Dataset entries:
===============
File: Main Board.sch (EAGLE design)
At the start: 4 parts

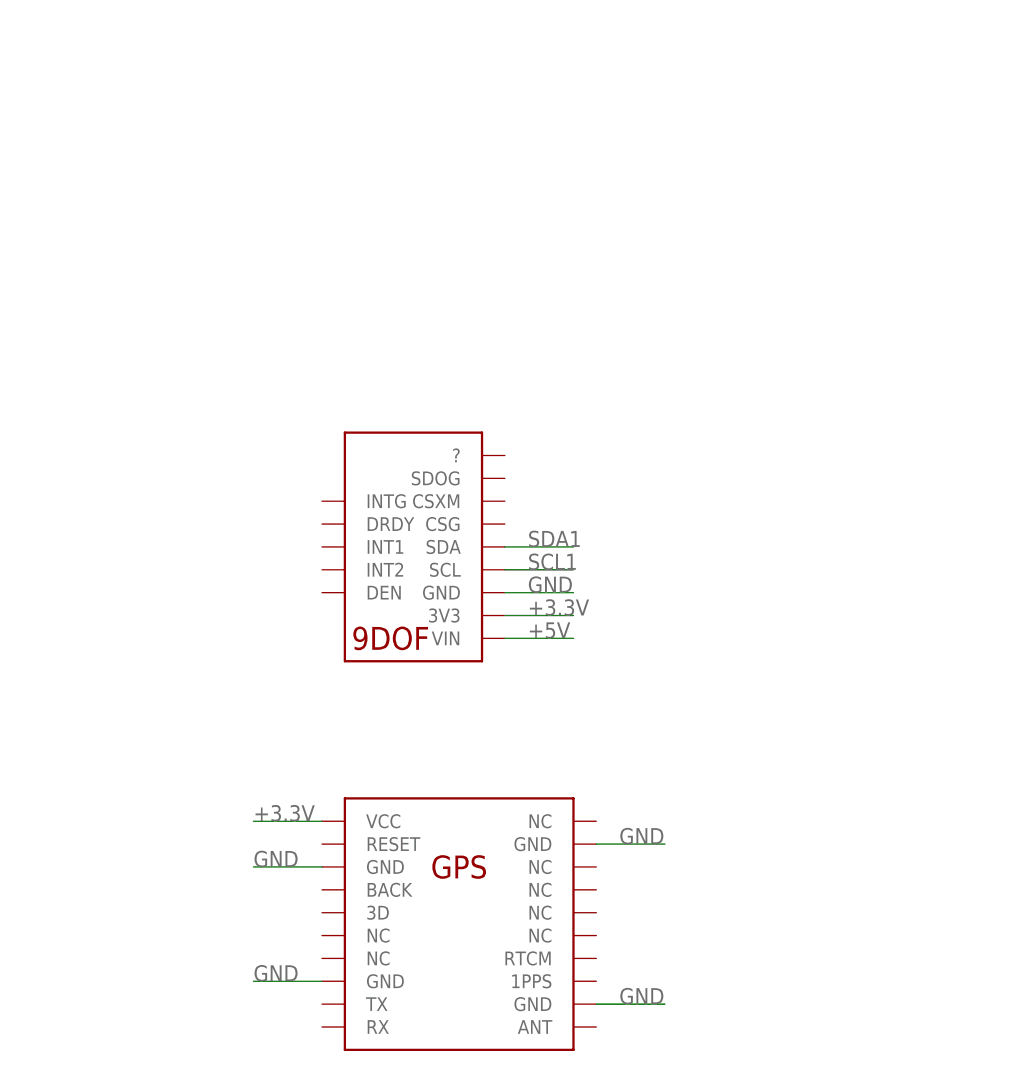
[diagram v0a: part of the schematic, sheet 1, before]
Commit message: Added Vishay and Bourns part libraries
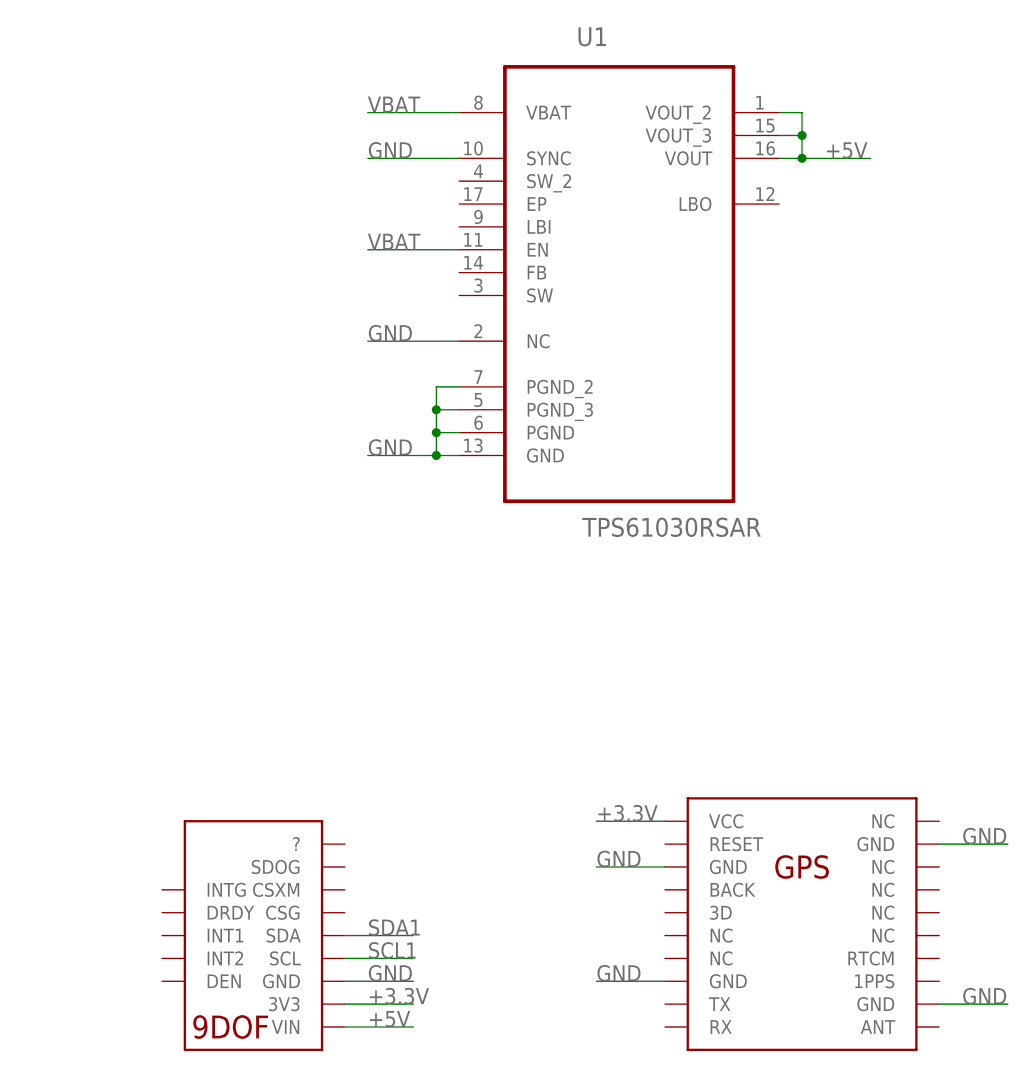
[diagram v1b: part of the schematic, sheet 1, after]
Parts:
- added U1: TPS61030RSAR, Texas Instruments:TPS61030RSAR
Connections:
- new net VBAT: U1.EN, U1.VBAT
- net +5V: now also U1.VOUT, U1.VOUT_2, U1.VOUT_3
- net GND: now also U1.GND, U1.NC, U1.PGND, U1.PGND_2, U1.PGND_3, U1.SYNC
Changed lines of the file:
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@@
 <part name="U$8" library="GoatFinder" deviceset="USB_VERTICLE" device=""/>
 <part name="U$11" library="GoatFinder" deviceset="PI" device=""/>
+<part name="U1" library="Texas Instruments" deviceset="TPS61030RSAR" device=""/>
 </parts>
 <sheets>
@@
 </plain>
 <instances>
-<instance part="U$5" gate="G$1" x="139.7" y="78.74"/>
-<instance part="U$6" gate="G$1" x="134.62" y="111.76"/>
+<instance part="U$5" gate="G$1" x="177.8" y="78.74"/>
+<instance part="U$6" gate="G$1" x="116.84" y="68.58"/>
 <instance part="U$8" gate="G$1" x="38.1" y="142.24"/>
 <instance part="U$11" gate="G$1" x="53.34" y="119.38"/>
+<instance part="U1" gate="A" x="157.48" y="144.78"/>
 </instances>
 <busses>
@@
 <segment>
 <pinref part="U$6" gate="G$1" pin="VIN"/>
-<wire x1="144.78" y1="101.6" x2="152.4" y2="101.6" width="0.1524" layer="91"/>
-<label x="147.32" y="101.6" size="1.778" layer="95"/>
+<wire x1="127" y1="58.42" x2="134.62" y2="58.42" width="0.1524" layer="91"/>
+<label x="129.54" y="58.42" size="1.778" layer="95"/>
 </segment>
 <segment>
@@
 <label x="35.56" y="116.84" size="1.778" layer="95"/>
 </segment>
+<segment>
+<pinref part="U1" gate="A" pin="VOUT"/>
+<wire x1="175.26" y1="154.94" x2="177.8" y2="154.94" width="0.1524" layer="91"/>
+<wire x1="177.8" y1="154.94" x2="177.8" y2="157.48" width="0.1524" layer="91"/>
+<pinref part="U1" gate="A" pin="VOUT_3"/>
+<wire x1="177.8" y1="157.48" x2="175.26" y2="157.48" width="0.1524" layer="91"/>
+<wire x1="177.8" y1="157.48" x2="177.8" y2="160.02" width="0.1524" layer="91"/>
+<junction x="177.8" y="157.48"/>
+<pinref part="U1" gate="A" pin="VOUT_2"/>
+<wire x1="177.8" y1="160.02" x2="175.26" y2="160.02" width="0.1524" layer="91"/>
+<wire x1="177.8" y1="154.94" x2="185.42" y2="154.94" width="0.1524" layer="91"/>
+<junction x="177.8" y="154.94"/>
+<label x="180.34" y="154.94" size="1.778" layer="95"/>
+</segment>
 </net>
 <net name="GND" class="0">
 <segment>
 <pinref part="U$5" gate="G$1" pin="GND@1"/>
-<wire x1="124.46" y1="76.2" x2="116.84" y2="76.2" width="0.1524" layer="91"/>
-<label x="116.84" y="76.2" size="1.778" layer="95"/>
+<wire x1="162.56" y1="76.2" x2="154.94" y2="76.2" width="0.1524" layer="91"/>
+<label x="154.94" y="76.2" size="1.778" layer="95"/>
 </segment>
 <segment>
 <pinref part="U$5" gate="G$1" pin="GND@2"/>
-<wire x1="124.46" y1="63.5" x2="116.84" y2="63.5" width="0.1524" layer="91"/>
-<label x="116.84" y="63.5" size="1.778" layer="95"/>
+<wire x1="162.56" y1="63.5" x2="154.94" y2="63.5" width="0.1524" layer="91"/>
+<label x="154.94" y="63.5" size="1.778" layer="95"/>
 </segment>
 <segment>
 <pinref part="U$5" gate="G$1" pin="GND@3"/>
-<wire x1="154.94" y1="60.96" x2="162.56" y2="60.96" width="0.1524" layer="91"/>
-<label x="157.48" y="60.96" size="1.778" layer="95"/>
+<wire x1="193.04" y1="60.96" x2="200.66" y2="60.96" width="0.1524" layer="91"/>
+<label x="195.58" y="60.96" size="1.778" layer="95"/>
 </segment>
 <segment>
 <pinref part="U$5" gate="G$1" pin="GND@4"/>
-<wire x1="154.94" y1="78.74" x2="162.56" y2="78.74" width="0.1524" layer="91"/>
-<label x="157.48" y="78.74" size="1.778" layer="95"/>
+<wire x1="193.04" y1="78.74" x2="200.66" y2="78.74" width="0.1524" layer="91"/>
+<label x="195.58" y="78.74" size="1.778" layer="95"/>
 </segment>
 <segment>
 <pinref part="U$6" gate="G$1" pin="GND"/>
-<wire x1="144.78" y1="106.68" x2="152.4" y2="106.68" width="0.1524" layer="91"/>
-<label x="147.32" y="106.68" size="1.778" layer="95"/>
+<wire x1="127" y1="63.5" x2="134.62" y2="63.5" width="0.1524" layer="91"/>
+<label x="129.54" y="63.5" size="1.778" layer="95"/>
 </segment>
 <segment>
@@
 <label x="35.56" y="83.82" size="1.778" layer="95"/>
 </segment>
+<segment>
+<pinref part="U1" gate="A" pin="PGND_2"/>
+<wire x1="139.7" y1="129.54" x2="137.16" y2="129.54" width="0.1524" layer="91"/>
+<wire x1="137.16" y1="129.54" x2="137.16" y2="127" width="0.1524" layer="91"/>
+<pinref part="U1" gate="A" pin="PGND_3"/>
+<wire x1="137.16" y1="127" x2="139.7" y2="127" width="0.1524" layer="91"/>
+<wire x1="137.16" y1="127" x2="137.16" y2="124.46" width="0.1524" layer="91"/>
+<junction x="137.16" y="127"/>
+<pinref part="U1" gate="A" pin="PGND"/>
+<wire x1="137.16" y1="124.46" x2="139.7" y2="124.46" width="0.1524" layer="91"/>
+<wire x1="137.16" y1="124.46" x2="137.16" y2="121.92" width="0.1524" layer="91"/>
+<junction x="137.16" y="124.46"/>
+<pinref part="U1" gate="A" pin="GND"/>
+<wire x1="137.16" y1="121.92" x2="139.7" y2="121.92" width="0.1524" layer="91"/>
+<wire x1="137.16" y1="121.92" x2="129.54" y2="121.92" width="0.1524" layer="91"/>
+<junction x="137.16" y="121.92"/>
+<label x="129.54" y="121.92" size="1.778" layer="95"/>
+</segment>
+<segment>
+<pinref part="U1" gate="A" pin="SYNC"/>
+<wire x1="139.7" y1="154.94" x2="129.54" y2="154.94" width="0.1524" layer="91"/>
+<label x="129.54" y="154.94" size="1.778" layer="95"/>
+</segment>
+<segment>
+<pinref part="U1" gate="A" pin="NC"/>
+<wire x1="139.7" y1="134.62" x2="129.54" y2="134.62" width="0.1524" layer="91"/>
+<label x="129.54" y="134.62" size="1.778" layer="95"/>
+</segment>
 </net>
 <net name="+3.3V" class="0">
 <segment>
 <pinref part="U$5" gate="G$1" pin="VCC"/>
-<wire x1="124.46" y1="81.28" x2="116.84" y2="81.28" width="0.1524" layer="91"/>
-<label x="116.84" y="81.28" size="1.778" layer="95"/>
+<wire x1="162.56" y1="81.28" x2="154.94" y2="81.28" width="0.1524" layer="91"/>
+<label x="154.94" y="81.28" size="1.778" layer="95"/>
 </segment>
 <segment>
 <pinref part="U$6" gate="G$1" pin="3V3"/>
-<wire x1="144.78" y1="104.14" x2="152.4" y2="104.14" width="0.1524" layer="91"/>
-<label x="147.32" y="104.14" size="1.778" layer="95"/>
+<wire x1="127" y1="60.96" x2="134.62" y2="60.96" width="0.1524" layer="91"/>
+<label x="129.54" y="60.96" size="1.778" layer="95"/>
 </segment>
 <segment>
@@
 <segment>
 <pinref part="U$6" gate="G$1" pin="SCL"/>
-<wire x1="144.78" y1="109.22" x2="152.4" y2="109.22" width="0.1524" layer="91"/>
-<label x="147.32" y="109.22" size="1.778" layer="95"/>
+<wire x1="127" y1="66.04" x2="134.62" y2="66.04" width="0.1524" layer="91"/>
+<label x="129.54" y="66.04" size="1.778" layer="95"/>
 </segment>
 </net>
@@
 <segment>
 <pinref part="U$6" gate="G$1" pin="SDA"/>
-<wire x1="144.78" y1="111.76" x2="152.4" y2="111.76" width="0.1524" layer="91"/>
-<label x="147.32" y="111.76" size="1.778" layer="95"/>
-</segment>
-</net>
+<wire x1="127" y1="68.58" x2="134.62" y2="68.58" width="0.1524" layer="91"/>
+<label x="129.54" y="68.58" size="1.778" layer="95"/>
+</segment>
+</net>
+<net name="VBAT" class="0">
+<segment>
+<pinref part="U1" gate="A" pin="VBAT"/>
+<wire x1="139.7" y1="160.02" x2="129.54" y2="160.02" width="0.1524" layer="91"/>
+<label x="129.54" y="160.02" size="1.778" layer="95"/>
+</segment>
+<segment>
+<pinref part="U1" gate="A" pin="EN"/>
+<wire x1="139.7" y1="144.78" x2="129.54" y2="144.78" width="0.1524" layer="91"/>
+<label x="129.54" y="144.78" size="1.778" layer="95"/>
+</segment>
+</net>

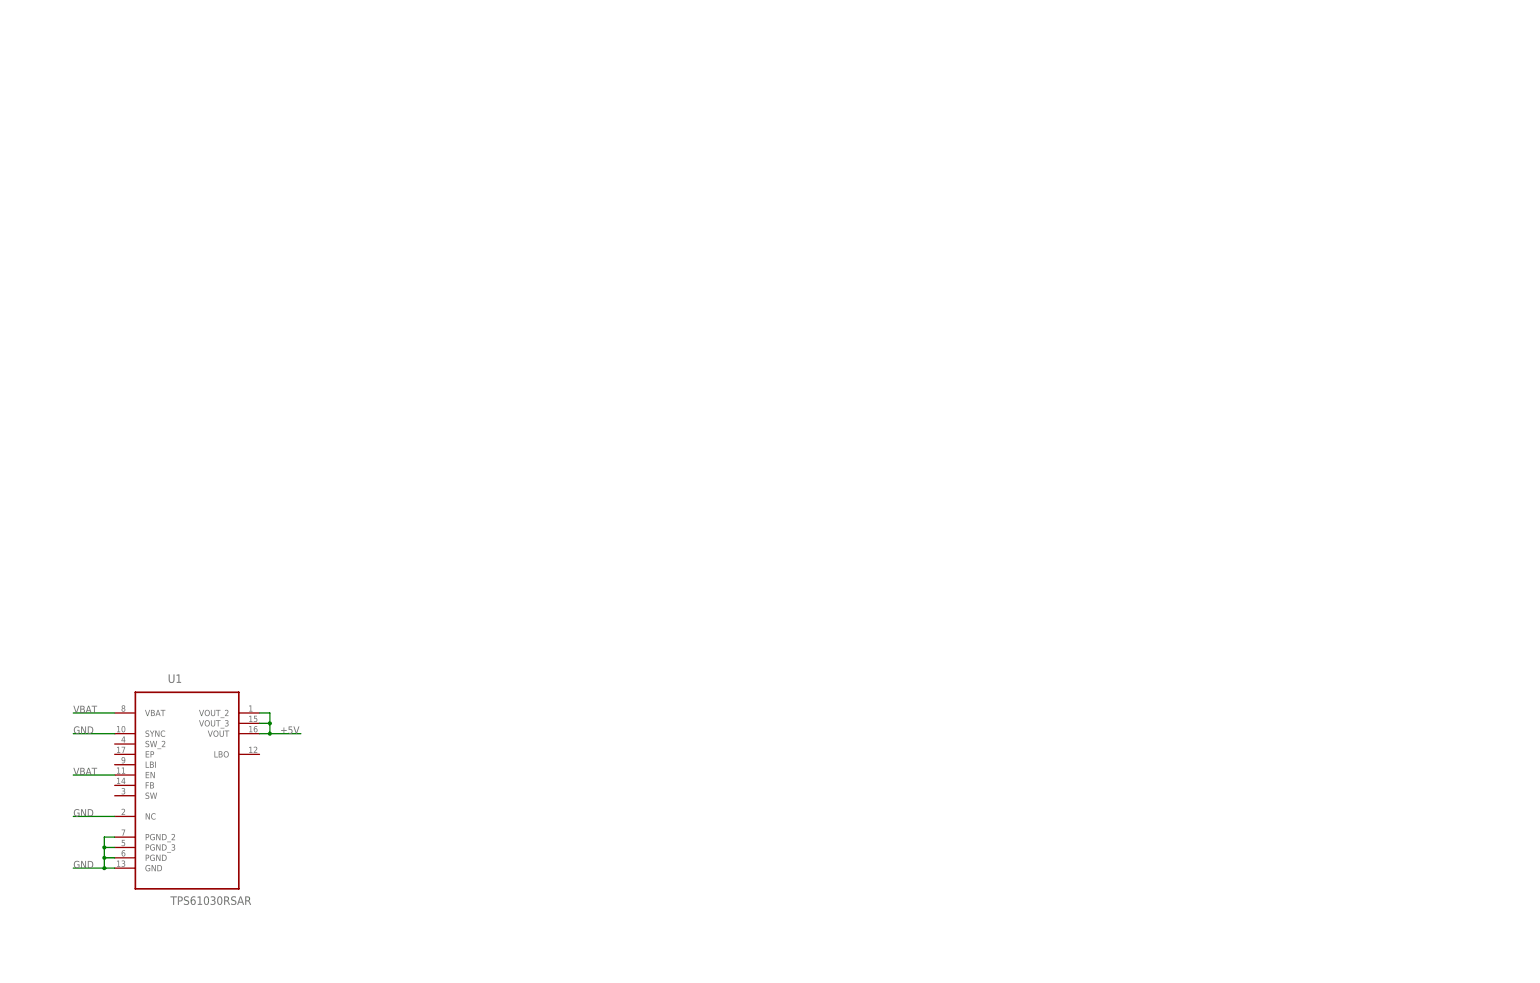
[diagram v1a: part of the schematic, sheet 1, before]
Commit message: Finished +5V Power Supply Schematic
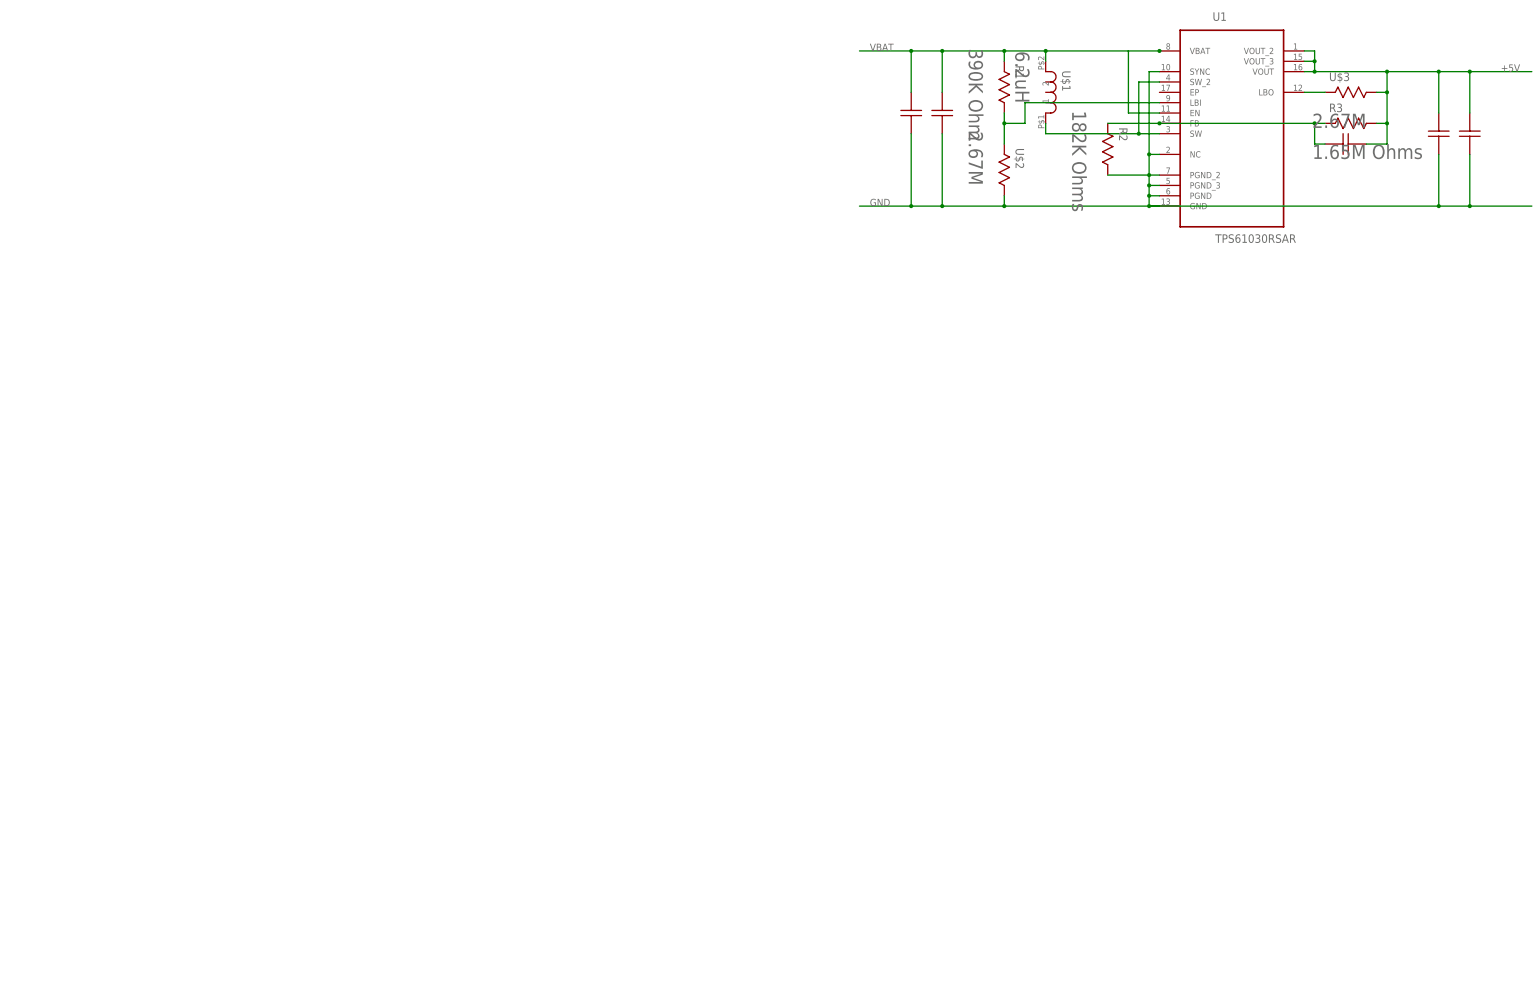
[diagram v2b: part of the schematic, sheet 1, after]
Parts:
- added R1: 390K Ohm, Vishay:CRCW0805390KJNEA
- added R2: 182K Ohms, Vishay:CRCW0805182KFKEA
- added R3: 1.65M Ohms, Vishay:CRCW06031M65FKEA
- added U$1: 6.2uH, GoatFinder:SRU1038-6R2Y
- added U$10, U$9: 0805CAP, GoatFinder:0805CAP
- added U$12: 220, GoatFinder:220
- added U$2, U$3: 2.67M, Vishay:CRCW04022M67FKED
- added U$4: 10pF, GoatFinder:0603CAP
- added U$7: 0603CAP, GoatFinder:0603CAP
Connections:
- new net N$1: R1.1, U$2.2, U1.LBI
- new net N$11: R2.2, R3.2, U$4.P$1, U1.FB
- new net N$2: U$1.1, U1.SW, U1.SW_2
- new net N$7: U$3.2, U1.LBO
- net +5V: now also R3.1, U$12.P$1, U$3.1, U$4.P$2, U$9.P$1
- net GND: now also R2.1, U$10.P$2, U$12.P$2, U$2.1, U$7.P$2, U$9.P$2
- net VBAT: now also R1.2, U$1.2, U$10.P$1, U$7.P$1
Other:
- moved on the sheet: U1

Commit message: Completed Barometer / Altitude Schematic
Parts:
- added U$13: BMP280, GoatFinder:BMP280
- added U$14: 0603CAP, GoatFinder:0603CAP
- added X1: (no value), Adafruit:ANTENNA_U.FL
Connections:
- net SCL1 renamed N$14
- net SDA1 renamed N$13
- removed net CE0: U$11.CE0
- new net N$10: U$11.SCL0, U$13.SCL
- new net N$12: U$11.SDA0, U$13.SDA
- new net N$3: U$11.RXD, U$5.TX
- new net N$4: U$11.TXD, U$5.RX
- new net N$5: U$11.GPIO27, U$5.RESET
- new net N$6: U$11.GPIO28, U$5.3D
- new net N$8: U$5.ANT, X1.SIGNAL
- new net N$9: U$11.GPIO29, U$5.1PPS
- net +3.3V: now also U$13.VCC, U$13.VCC@1, U$13.VCC@2, U$13.VCC@3, U$14.P$1
- net GND: now also U$13.GND, U$13.GND@1, U$14.P$2, X1.GND@0, X1.GND@1
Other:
- moved on the sheet: R1, R2, R3, U$1, U$2, U$3, U1
===============
- **Activity**: In the data, how many lines hold the word "renamed"? State that number alone.

- **Response**: 2